Bloxham ajoute que «les émissions déjà solidement établies qui tentent de modifier leur format pour assurer leur survie seront inévitablement confrontées au jeu de la comparaison. Si leur auditoire est habitué à un niveau de qualité très élevé et qu’on leur offre un produit spectaculaire, c’est à cela que devra se mesurer toute intégration d’éléments moins léchés — et les téléspectateurs pourraient ne pas y être très réceptifs».
Afin d’assurer une impression d’authenticité, il importe que le style de production privilégié soit naturellement adapté au contenu. Un exemple serait d’intégrer à une compétition musicale télévisuelle d’envergure des images des participants ayant filmé eux-mêmes leur audition chez soi. Toutefois, si ce qui attire l’auditoire est le fait d’assister à de belles performances livrées devant un public enthousiaste, les créateurs de l’émission doivent s’assurer de combler ces attentes. Ainsi, il paraît beaucoup plus naturel et authentique de voir l’animateur Stephen Colbert livrer le monologue d’ouverture de son émission The Late Show vêtu d’un complet cravate et allongé dans son bain, que d’assister à la grande finale d’American Idol… tournée chez chacun des concurrents.

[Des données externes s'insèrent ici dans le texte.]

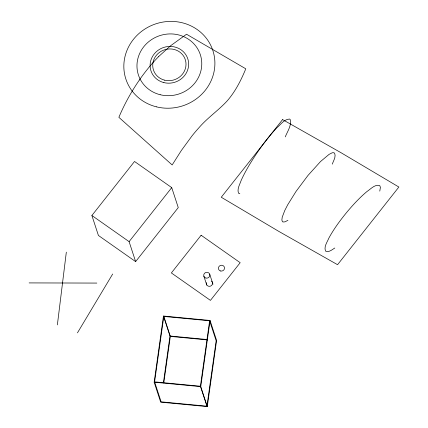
<?xml version="1.0" encoding="UTF-8"?>
<svg xmlns="http://www.w3.org/2000/svg" width="428" height="428" viewBox="0 0 428 428"><rect width="100%" height="100%" fill="white"/><g stroke="black" fill="none" stroke-linecap="round" stroke-linejoin="round"><path stroke-width="0.64" d="M57.373 324.895L66.324 252.151M154.155 382.204L163.469 316.03L210.068 320.465L216.595 340.426L207.28 406.6L160.682 402.165L154.155 382.204L200.753 386.634L207.28 406.6M154.599 381.867L163.812 316.436L209.624 320.797L216.151 340.763L206.943 406.188L161.126 401.828L154.599 381.867L200.416 386.227L206.943 406.188M163.384 382.974L169.996 335.991L163.469 316.03M163.822 382.664L170.333 336.403L163.812 316.436M200.416 386.227L209.624 320.797M200.753 386.634L210.068 320.465M379.78 191.123L380.417 187.32L379.77 185.624C374.939 183.928 370.605 189.213 366.882 191.589C359.456 197.838 352.865 205.007 346.659 212.443C340.051 220.522 333.819 228.964 328.838 238.15C327.265 242.093 323.6 246.812 325.59 251.15C328.806 252.761 332.165 249.572 334.808 248.01M332.272 164.138C333.46 160.735 336.194 156.771 334.626 153.117L333.166 152.625L332.058 152.855L329.079 154.374L320.556 161.511L307.978 175.448L296.042 191.412L287.712 204.777L284.738 210.565L282.234 217.167L281.859 219.981L282.384 221.586L282.988 221.982L284.946 221.848L287.926 220.329M285.262 136.885C287.397 131.46 291.8 125.495 290.179 119.471L289.606 119.043C284.251 119.112 280.666 124.58 276.905 127.753C269.469 135.612 262.931 144.279 256.832 153.197C250.985 161.907 245.474 170.89 241.151 180.466C239.83 184.431 236.919 188.909 238.482 193.156L239.824 193.718M77.452 332.861L112.682 274.006M139.437 79.95C131.316 91.656 124.409 104.197 118.866 117.32L172.168 164.951L181.354 150.485L192.054 135.842A52.869 14.424 -54.9 0 1 198.966 127.715C207.302 117.994 218.002 110.734 226.717 101.409A22.919 6.254 -54.9 0 0 229.173 98.526C236.32 89.629 241.462 79.308 245.784 68.801L186.538 34.229L170.537 45.807L158.751 56.464M91.886 215.498L134.515 161.479L171.73 187.625L178.257 207.591L135.628 261.61L98.413 235.464L91.886 215.498L129.101 241.643L135.628 261.61M129.101 241.643L171.73 187.625M29.125 282.913L96.835 283.074M169.996 335.991L207.275 339.538M170.333 336.403L207.521 339.944M209.693 274.161L212.978 284.213M203.883 276.279L206.756 285.075M139.41 79.934A55.956 15.264 -54.9 0 1 158.745 56.491M211.544 281.169A3.092 2.916 -18.1 0 1 212.01 284.936A3.092 2.916 -18.1 0 1 208.158 286.086A3.092 2.916 -18.1 0 1 206.499 282.673M282.587 119.589L221.26 197.244L279.04 231.527L337.553 264.691L398.875 187.036L341.1 152.753L282.587 119.589M201.123 235.245L171.371 272.946L210.437 300.386L240.183 262.69L201.123 235.245M156.407 106.834A45.78 43.153 -18.1 0 0 213.652 53.238A45.78 43.153 -18.1 0 0 138.051 34.358A45.78 43.153 -18.1 0 0 156.407 106.834M160.147 94.716A32.581 30.709 -18.1 0 0 200.882 56.571A32.581 30.709 -18.1 0 0 147.082 43.137A32.581 30.709 -18.1 0 0 160.147 94.716M163.881 82.599A19.378 18.27 -18.1 0 0 188.117 59.909A19.378 18.27 -18.1 0 0 156.113 51.916A19.378 18.27 -18.1 0 0 163.881 82.599M164.63 80.175A16.74 15.783 -18.1 0 0 185.559 60.578A16.74 15.783 -18.1 0 0 157.916 53.671A16.74 15.783 -18.1 0 0 164.63 80.175M220.586 270.994A3.092 2.916 -18.1 0 0 224.465 267.388A3.092 2.916 -18.1 0 0 219.366 266.098A3.092 2.916 -18.1 0 0 220.586 270.994M205.9 278.056A3.092 2.916 -18.1 0 0 209.779 274.45A3.092 2.916 -18.1 0 0 204.68 273.155A3.092 2.916 -18.1 0 0 205.9 278.056"/></g></svg>

Miser sur l’authenticité pour accroître la rentabilité
Selon Bloxham, «les deux piliers que sont la fidélisation du public et les budgets réduits» assureront le maintien des styles de productions «tourné chez soi» bien au-delà de la pandémie.
Les directives sanitaires imposées pour assurer la reprise des tournages viendront hausser les coûts de production, phénomène qui s’étendra également à la production de contenu de marques. Ces derniers cherchent à s’assurer que leurs messages et les plateformes sur lesquelles ils sont diffusés soient le plus attrayants, appropriés et authentiques possible. Or, le style de production «tourné chez soi», autant que l’intégration de la marque à même ce type de produit télévisuel, favorise une plus grande fidélisation de l’auditoire, particulièrement celui fort prisé des 18-49 ans, et ce, à moindre coût — ce qui permet d’accroître la rentabilité.